Diğer gezegenlerde su ve uzaylı yaşam bulma ihtimalimiz "düşündüğümüzden 100 kat daha yüksek"

"Sıvı su bulma ihtimalimiz düşündüğümüzden 100 kat daha yüksek"

(Lujendra Ojha)
(Lujendra Ojha)
TT

Diğer gezegenlerde su ve uzaylı yaşam bulma ihtimalimiz "düşündüğümüzden 100 kat daha yüksek"

(Lujendra Ojha)
(Lujendra Ojha)

Sıvı haldeki suya ev sahipliği yapan, Dünya benzeri çok daha fazla gezegen olabileceğini öne süren yeni bir analizde, bunun Güneş Sistemi dışında uzayda yaşam bulma ihtimalini artırdığı belirtiliyor.

Lyon'daki Goldschmidt Jeokimya Konferansı'nda sunulan ve yakın zamanda Nature Communications adlı bilimsel dergide yayımlanan araştırmada, bir gezegenin yüzeyinde su bulunması için koşullar uygun olmasa bile yine de yüzeyinin altında sıvı su olabileceği bulundu.

Rutgers Üniversitesi'nden çalışmanın ortak yazarı Lujendra Ojha şöyle diyor:

Çalışmamız, bu suyun pek de hesaba katmadığımız yerlerde bulunabileceğini gösteriyor. Bu da teoride yaşamın gelişebileceği ortamları bulma şansını önemli ölçüde artırıyor.

Bir gezegenin yüzeyi donmuş olsa bile, suyun yeraltında sıvılaşmasını sağlayacak kadar ısı üretilebilmesinin başlıca iki yolu var.

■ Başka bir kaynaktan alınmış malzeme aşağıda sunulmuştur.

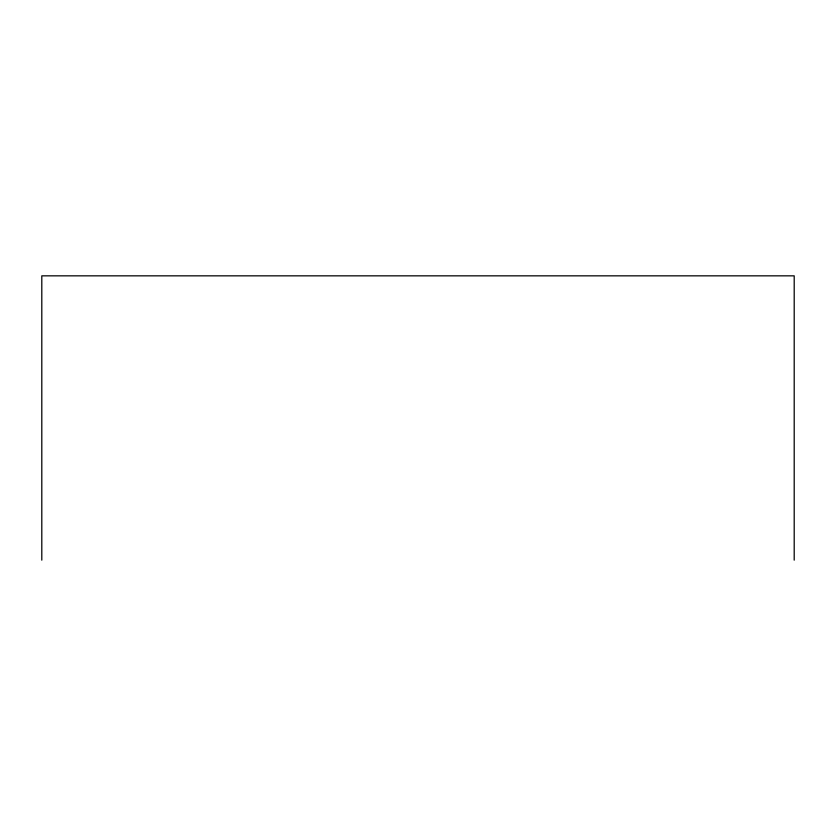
<?xml version="1.0" encoding="UTF-8"?>
<svg xmlns="http://www.w3.org/2000/svg" width="836" height="836" viewBox="0 0 836 836"><rect width="100%" height="100%" fill="white"/><g stroke="black" fill="none" stroke-linecap="round" stroke-linejoin="round"><path stroke-width="1.25" d="M794.2 560.162L794.2 275.838L41.8 275.838L41.8 560.162"/></g></svg>

Bir örneğe atıfta bulunan araştırmacılar, birkaç milyar yıl önce Dünya yüzeyindeki sıvı suyun tamamen donsa da gezegenin her yerindeki suyun tamamen katı olmadığı bir zamana işaret etti.

Dünya tarihinin bu döneminde gezegenin derinliklerindeki radyoaktiviteden kaynaklanan ısı, suyu bazı yerlerde sıvı tutacak kadar ısıtabiliyordu.

Dr. Ojha, "Bunun bugün bile dondurucu soğuğa rağmen radyoaktiviteden kaynaklanan ısıyla beslenen, yeraltında büyük sıvı su göllerinin bulunduğu Antarktika ve Arktik Kanada gibi yerlerde gerçekleştiğini görüyoruz" diye açıklıyor.

Bunun halihazırda Mars'ın güney kutbunda bile gerçekleşiyor olabileceğini işaret eden bazı kanıtlar var.

Bilim insanları daha önce Güneş Sistemi'nde bile Satürn'ün Europa'sı gibi bazı uyduların, yüzeyleri tamamen donmuş olsa da yeraltında önemli miktarda sıvı su barındırdığını keşfetmişti.

Bunun nedeni bu uyduların iç kısımlarının, yörüngelerinde döndükleri büyük gezegenlerin yerçekimsel etkileriyle sürekli çalkalanmasıdır.

Dr. Ojha, "Bu, Jüpiter ve Satürn'ün uydularını Güneş sistemimizde yaşam bulmada başlıca adaylar haline getirirken, gelecekte bu cisimleri keşfetmek için birçok görev planlandı" diyor.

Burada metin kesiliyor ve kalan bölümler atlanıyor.